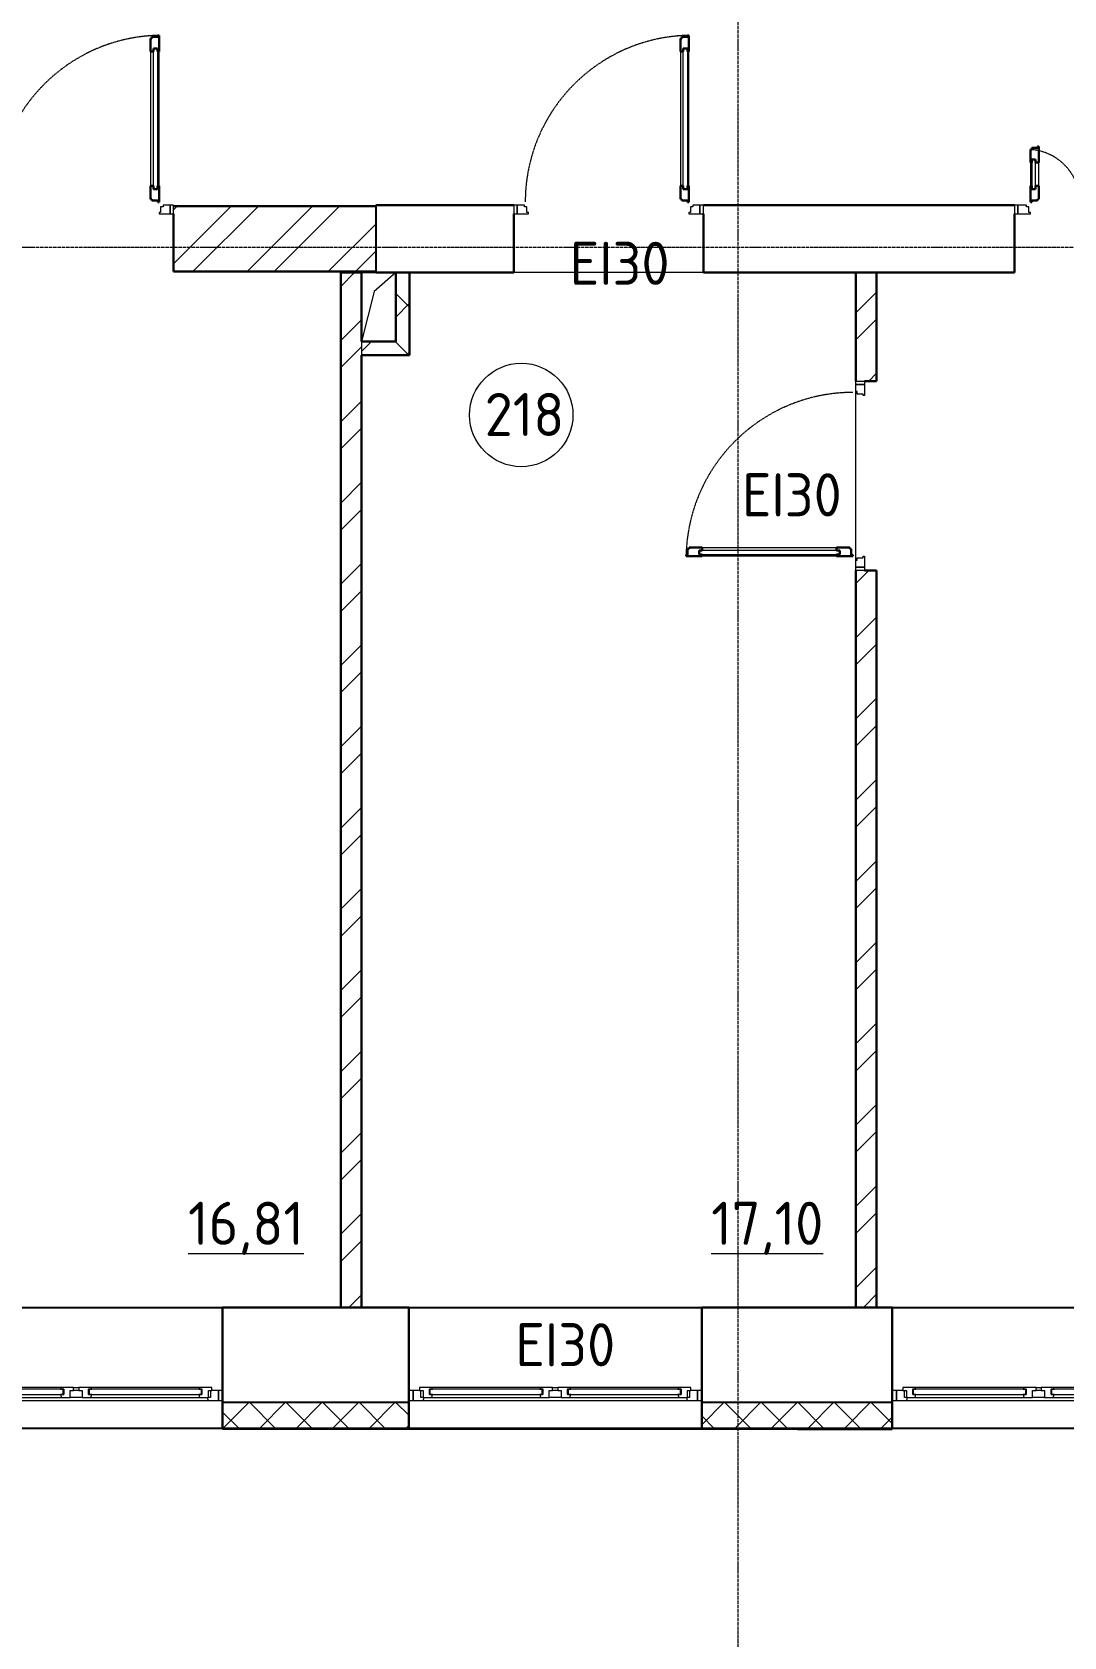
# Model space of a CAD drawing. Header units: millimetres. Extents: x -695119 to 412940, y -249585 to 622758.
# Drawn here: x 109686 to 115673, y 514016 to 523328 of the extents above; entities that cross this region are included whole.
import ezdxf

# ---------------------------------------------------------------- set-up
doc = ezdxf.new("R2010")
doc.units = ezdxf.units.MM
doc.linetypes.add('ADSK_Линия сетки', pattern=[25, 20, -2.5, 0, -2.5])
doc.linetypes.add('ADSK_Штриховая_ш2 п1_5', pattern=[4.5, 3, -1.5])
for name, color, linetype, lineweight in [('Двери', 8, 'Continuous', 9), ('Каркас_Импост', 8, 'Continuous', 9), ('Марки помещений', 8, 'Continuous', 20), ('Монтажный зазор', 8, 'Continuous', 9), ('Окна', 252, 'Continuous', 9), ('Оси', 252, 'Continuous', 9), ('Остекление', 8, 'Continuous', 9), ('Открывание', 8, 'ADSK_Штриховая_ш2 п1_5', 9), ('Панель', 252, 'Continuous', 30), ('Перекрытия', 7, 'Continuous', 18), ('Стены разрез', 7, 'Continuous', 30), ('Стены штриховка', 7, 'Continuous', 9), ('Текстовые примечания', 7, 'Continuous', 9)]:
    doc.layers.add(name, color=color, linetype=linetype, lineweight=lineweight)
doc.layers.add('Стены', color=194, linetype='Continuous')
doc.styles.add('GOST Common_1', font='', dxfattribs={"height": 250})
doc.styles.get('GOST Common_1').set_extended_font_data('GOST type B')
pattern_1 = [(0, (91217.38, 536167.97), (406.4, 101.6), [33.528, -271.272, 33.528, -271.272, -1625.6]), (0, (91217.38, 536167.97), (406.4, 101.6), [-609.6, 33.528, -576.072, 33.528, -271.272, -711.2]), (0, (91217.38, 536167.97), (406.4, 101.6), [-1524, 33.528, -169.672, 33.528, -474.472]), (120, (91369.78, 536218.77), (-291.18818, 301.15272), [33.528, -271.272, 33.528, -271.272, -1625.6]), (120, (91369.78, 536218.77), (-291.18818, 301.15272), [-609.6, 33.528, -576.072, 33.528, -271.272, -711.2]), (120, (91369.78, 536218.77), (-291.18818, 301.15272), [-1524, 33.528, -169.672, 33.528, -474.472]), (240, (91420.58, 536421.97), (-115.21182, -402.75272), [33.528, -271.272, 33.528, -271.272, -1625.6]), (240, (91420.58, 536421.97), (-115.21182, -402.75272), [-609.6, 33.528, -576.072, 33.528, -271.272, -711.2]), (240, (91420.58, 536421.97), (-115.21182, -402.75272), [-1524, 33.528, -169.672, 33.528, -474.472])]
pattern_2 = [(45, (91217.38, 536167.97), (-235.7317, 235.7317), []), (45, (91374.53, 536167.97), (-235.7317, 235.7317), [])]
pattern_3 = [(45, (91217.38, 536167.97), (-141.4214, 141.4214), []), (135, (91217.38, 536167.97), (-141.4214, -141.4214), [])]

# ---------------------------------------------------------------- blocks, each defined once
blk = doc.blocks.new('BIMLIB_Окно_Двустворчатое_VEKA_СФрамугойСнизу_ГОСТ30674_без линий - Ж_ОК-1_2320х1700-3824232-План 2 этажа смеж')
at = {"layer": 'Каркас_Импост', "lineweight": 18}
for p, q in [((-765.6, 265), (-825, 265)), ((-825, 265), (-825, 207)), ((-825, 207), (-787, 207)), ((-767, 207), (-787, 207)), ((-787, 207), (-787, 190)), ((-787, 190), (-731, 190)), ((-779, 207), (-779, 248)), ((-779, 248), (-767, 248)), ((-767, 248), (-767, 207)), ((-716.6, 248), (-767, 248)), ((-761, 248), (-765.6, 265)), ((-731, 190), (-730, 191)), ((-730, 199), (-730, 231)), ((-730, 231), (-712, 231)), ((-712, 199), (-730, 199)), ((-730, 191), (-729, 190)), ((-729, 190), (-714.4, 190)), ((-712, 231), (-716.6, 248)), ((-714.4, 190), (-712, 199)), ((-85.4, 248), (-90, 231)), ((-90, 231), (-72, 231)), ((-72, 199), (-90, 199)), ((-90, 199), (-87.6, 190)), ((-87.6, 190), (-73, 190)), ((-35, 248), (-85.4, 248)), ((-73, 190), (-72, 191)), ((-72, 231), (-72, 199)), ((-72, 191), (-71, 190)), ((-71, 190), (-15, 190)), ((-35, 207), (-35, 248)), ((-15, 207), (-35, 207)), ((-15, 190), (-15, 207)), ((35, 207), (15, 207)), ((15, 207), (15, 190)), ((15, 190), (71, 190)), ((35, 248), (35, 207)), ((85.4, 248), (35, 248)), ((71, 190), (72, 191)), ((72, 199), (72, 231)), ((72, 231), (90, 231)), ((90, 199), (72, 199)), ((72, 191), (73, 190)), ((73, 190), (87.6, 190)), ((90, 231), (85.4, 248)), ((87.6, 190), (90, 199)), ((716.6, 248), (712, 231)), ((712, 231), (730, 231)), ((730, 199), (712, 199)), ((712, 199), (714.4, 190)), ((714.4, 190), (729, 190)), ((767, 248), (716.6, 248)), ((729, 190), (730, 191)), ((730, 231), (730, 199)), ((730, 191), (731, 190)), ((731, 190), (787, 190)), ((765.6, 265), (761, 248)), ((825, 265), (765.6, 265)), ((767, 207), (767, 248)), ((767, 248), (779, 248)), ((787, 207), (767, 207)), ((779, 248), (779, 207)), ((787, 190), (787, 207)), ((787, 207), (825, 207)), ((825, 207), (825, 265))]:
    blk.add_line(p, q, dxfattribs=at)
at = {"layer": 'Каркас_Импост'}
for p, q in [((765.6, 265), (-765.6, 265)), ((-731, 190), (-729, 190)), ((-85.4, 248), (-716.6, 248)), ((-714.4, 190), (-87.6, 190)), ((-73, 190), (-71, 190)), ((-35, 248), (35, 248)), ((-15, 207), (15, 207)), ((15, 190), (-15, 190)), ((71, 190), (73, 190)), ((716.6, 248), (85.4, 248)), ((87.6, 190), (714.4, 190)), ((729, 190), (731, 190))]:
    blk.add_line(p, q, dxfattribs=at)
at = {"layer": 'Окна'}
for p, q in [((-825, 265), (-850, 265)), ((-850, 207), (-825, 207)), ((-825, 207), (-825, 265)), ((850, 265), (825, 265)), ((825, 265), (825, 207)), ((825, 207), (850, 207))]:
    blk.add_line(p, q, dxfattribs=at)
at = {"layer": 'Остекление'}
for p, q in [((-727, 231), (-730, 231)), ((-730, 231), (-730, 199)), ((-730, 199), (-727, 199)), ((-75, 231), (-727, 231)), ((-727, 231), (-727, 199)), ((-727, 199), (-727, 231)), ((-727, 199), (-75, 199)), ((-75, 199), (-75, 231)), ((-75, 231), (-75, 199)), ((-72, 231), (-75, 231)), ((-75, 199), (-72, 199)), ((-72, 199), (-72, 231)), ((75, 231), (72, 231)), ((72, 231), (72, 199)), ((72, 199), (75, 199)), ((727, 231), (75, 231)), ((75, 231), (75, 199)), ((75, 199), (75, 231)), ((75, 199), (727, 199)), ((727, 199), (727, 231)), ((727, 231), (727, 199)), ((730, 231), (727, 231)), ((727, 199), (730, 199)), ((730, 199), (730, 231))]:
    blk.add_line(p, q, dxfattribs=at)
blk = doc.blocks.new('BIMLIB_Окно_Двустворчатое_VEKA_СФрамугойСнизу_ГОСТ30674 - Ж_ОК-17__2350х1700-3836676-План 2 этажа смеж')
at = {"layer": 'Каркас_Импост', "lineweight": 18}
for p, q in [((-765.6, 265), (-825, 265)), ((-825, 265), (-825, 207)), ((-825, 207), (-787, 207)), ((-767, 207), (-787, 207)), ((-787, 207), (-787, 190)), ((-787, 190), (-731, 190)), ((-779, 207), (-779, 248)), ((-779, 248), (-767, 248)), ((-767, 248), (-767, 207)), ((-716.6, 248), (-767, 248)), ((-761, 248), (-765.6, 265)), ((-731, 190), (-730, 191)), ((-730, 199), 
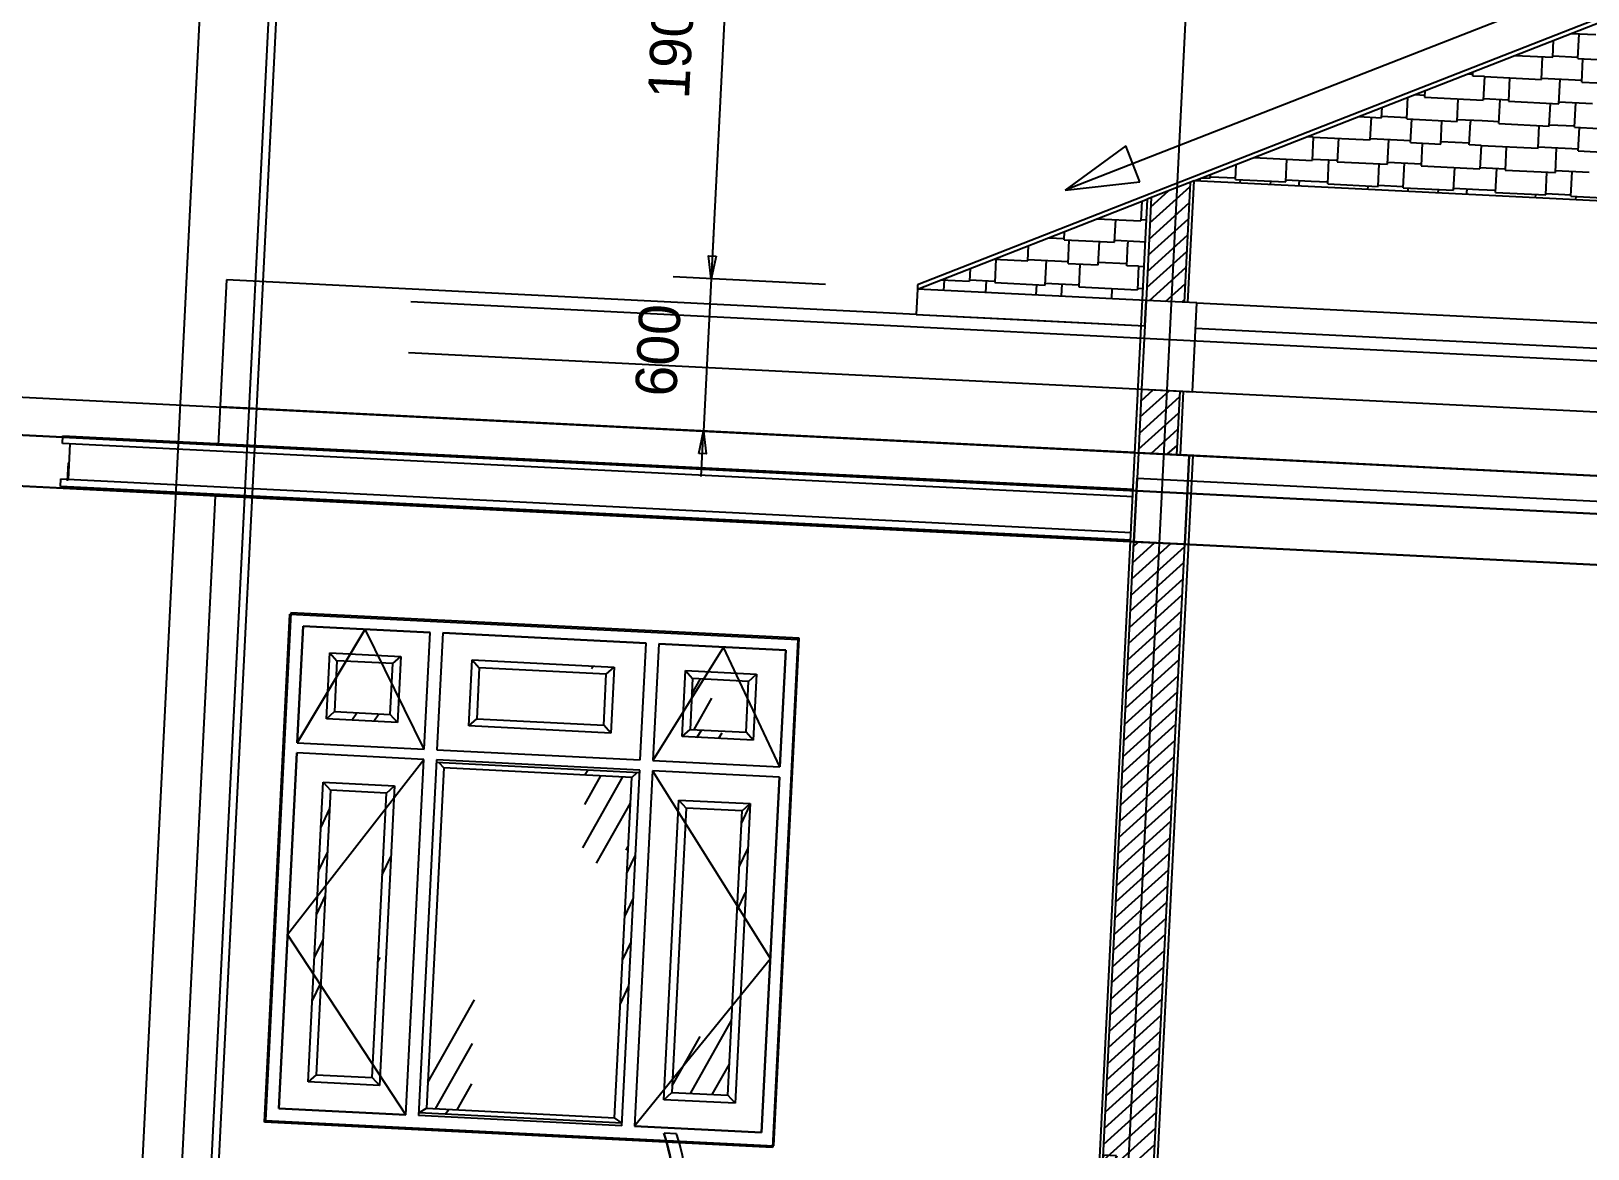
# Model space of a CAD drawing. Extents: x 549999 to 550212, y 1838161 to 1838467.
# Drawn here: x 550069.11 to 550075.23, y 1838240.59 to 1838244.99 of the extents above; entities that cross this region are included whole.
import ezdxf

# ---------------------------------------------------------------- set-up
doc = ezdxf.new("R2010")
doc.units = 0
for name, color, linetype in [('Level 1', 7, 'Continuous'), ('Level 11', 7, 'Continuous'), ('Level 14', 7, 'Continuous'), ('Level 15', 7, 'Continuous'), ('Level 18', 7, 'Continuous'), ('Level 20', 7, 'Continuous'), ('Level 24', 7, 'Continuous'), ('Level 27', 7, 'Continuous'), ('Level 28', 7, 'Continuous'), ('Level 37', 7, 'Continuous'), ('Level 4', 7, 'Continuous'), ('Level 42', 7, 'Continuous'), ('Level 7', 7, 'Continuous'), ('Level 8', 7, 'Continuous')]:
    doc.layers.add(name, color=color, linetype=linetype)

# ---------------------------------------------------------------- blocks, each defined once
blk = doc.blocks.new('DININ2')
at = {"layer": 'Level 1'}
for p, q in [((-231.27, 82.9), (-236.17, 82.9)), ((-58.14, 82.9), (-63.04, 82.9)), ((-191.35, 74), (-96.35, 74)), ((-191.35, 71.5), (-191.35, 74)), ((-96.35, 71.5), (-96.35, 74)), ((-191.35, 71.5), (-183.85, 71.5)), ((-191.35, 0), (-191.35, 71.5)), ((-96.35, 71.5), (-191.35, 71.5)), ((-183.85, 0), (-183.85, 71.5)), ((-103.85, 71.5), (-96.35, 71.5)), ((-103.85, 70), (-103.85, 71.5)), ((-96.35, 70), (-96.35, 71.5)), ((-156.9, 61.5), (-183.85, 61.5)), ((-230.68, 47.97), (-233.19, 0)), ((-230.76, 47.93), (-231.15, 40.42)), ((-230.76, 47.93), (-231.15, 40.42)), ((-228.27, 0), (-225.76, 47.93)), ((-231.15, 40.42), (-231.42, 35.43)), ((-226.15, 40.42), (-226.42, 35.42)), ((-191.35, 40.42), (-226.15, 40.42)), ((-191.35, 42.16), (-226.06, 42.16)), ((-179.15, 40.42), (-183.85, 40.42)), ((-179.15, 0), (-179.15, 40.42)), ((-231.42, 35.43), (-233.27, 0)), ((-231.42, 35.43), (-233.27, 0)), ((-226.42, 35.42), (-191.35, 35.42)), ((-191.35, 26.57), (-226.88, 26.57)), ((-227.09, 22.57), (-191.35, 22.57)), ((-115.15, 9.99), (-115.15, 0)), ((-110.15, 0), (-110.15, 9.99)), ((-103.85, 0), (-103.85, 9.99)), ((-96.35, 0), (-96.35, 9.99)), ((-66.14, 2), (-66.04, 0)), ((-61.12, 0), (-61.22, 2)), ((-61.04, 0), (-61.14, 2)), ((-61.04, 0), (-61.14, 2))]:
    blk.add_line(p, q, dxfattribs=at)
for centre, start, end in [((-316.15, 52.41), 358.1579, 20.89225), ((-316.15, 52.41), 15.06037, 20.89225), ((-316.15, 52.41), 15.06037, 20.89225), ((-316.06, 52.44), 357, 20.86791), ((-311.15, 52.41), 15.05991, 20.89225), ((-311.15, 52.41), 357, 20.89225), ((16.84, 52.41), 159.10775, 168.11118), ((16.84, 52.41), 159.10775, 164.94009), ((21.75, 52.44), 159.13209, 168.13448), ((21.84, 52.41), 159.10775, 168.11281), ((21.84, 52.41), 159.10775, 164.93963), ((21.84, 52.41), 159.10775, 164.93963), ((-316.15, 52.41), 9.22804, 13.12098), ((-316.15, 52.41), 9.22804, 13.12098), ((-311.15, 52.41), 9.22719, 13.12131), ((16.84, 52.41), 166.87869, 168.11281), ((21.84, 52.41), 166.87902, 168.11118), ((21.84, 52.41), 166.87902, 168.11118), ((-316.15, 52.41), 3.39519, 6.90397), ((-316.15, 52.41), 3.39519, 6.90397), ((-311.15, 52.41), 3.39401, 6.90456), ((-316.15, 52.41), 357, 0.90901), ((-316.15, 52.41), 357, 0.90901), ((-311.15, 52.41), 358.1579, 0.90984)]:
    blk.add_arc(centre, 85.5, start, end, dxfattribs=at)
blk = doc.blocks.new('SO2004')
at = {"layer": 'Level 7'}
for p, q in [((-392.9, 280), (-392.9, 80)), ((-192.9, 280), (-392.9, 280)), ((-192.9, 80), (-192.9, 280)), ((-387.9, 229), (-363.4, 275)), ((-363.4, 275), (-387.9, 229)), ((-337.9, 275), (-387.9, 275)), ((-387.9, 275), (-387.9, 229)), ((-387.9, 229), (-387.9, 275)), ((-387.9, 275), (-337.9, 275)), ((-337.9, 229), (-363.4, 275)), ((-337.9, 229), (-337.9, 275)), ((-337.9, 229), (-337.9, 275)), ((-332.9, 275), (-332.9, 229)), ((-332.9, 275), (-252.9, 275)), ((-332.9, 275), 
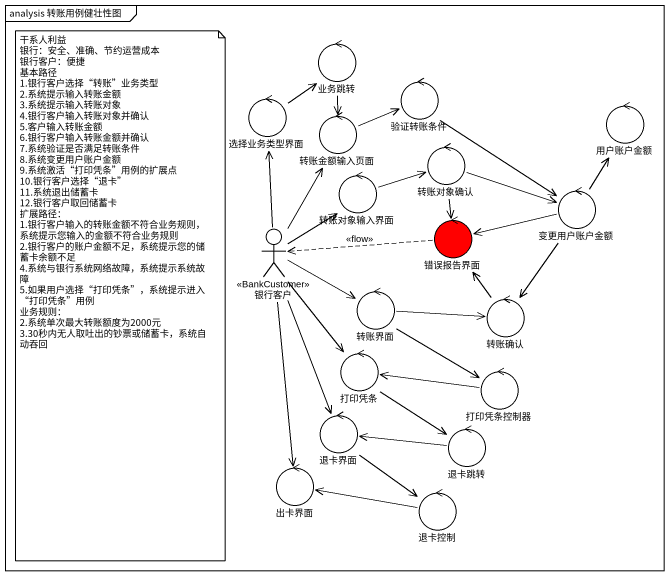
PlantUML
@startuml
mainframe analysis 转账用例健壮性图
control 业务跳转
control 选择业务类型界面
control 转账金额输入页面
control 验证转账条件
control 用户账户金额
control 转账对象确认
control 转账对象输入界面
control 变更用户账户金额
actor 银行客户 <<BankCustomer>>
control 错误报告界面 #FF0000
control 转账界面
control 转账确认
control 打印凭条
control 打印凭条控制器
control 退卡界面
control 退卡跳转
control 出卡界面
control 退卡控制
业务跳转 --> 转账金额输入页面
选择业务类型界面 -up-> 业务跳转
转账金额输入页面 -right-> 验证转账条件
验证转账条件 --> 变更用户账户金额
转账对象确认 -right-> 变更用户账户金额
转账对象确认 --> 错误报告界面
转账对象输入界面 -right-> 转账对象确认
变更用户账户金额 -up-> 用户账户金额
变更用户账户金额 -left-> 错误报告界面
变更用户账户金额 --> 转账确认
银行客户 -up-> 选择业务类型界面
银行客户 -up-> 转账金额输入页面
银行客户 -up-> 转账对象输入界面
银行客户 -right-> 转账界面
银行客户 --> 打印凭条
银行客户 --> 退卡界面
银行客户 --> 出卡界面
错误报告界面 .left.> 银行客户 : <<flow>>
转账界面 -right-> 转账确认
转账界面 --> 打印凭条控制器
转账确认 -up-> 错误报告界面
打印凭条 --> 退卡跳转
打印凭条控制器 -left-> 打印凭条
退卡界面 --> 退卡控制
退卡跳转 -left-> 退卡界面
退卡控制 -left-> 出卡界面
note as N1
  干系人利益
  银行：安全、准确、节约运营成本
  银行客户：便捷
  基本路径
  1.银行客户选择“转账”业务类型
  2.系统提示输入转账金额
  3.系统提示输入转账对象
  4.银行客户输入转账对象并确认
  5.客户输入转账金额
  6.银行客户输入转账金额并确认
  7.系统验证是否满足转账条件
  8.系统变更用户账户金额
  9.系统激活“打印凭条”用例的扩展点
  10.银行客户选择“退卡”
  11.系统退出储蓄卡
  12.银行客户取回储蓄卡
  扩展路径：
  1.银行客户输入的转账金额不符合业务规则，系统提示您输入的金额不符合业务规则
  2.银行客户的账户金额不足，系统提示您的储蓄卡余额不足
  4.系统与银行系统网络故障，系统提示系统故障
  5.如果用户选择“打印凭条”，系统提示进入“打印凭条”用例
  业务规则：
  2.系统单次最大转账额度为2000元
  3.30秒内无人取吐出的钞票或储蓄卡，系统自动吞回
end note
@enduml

============

* Task brief: Go through the listing above and find each line that contains "layers", then copy it.

* Result for this exercise:
    doc.layers.add(name, color=color, linetype=linetype, lineweight=lineweight)
doc.layers.add('Стены', color=194, linetype='Continuous')
    doc.layers.add(name, color=color, linetype=linetype)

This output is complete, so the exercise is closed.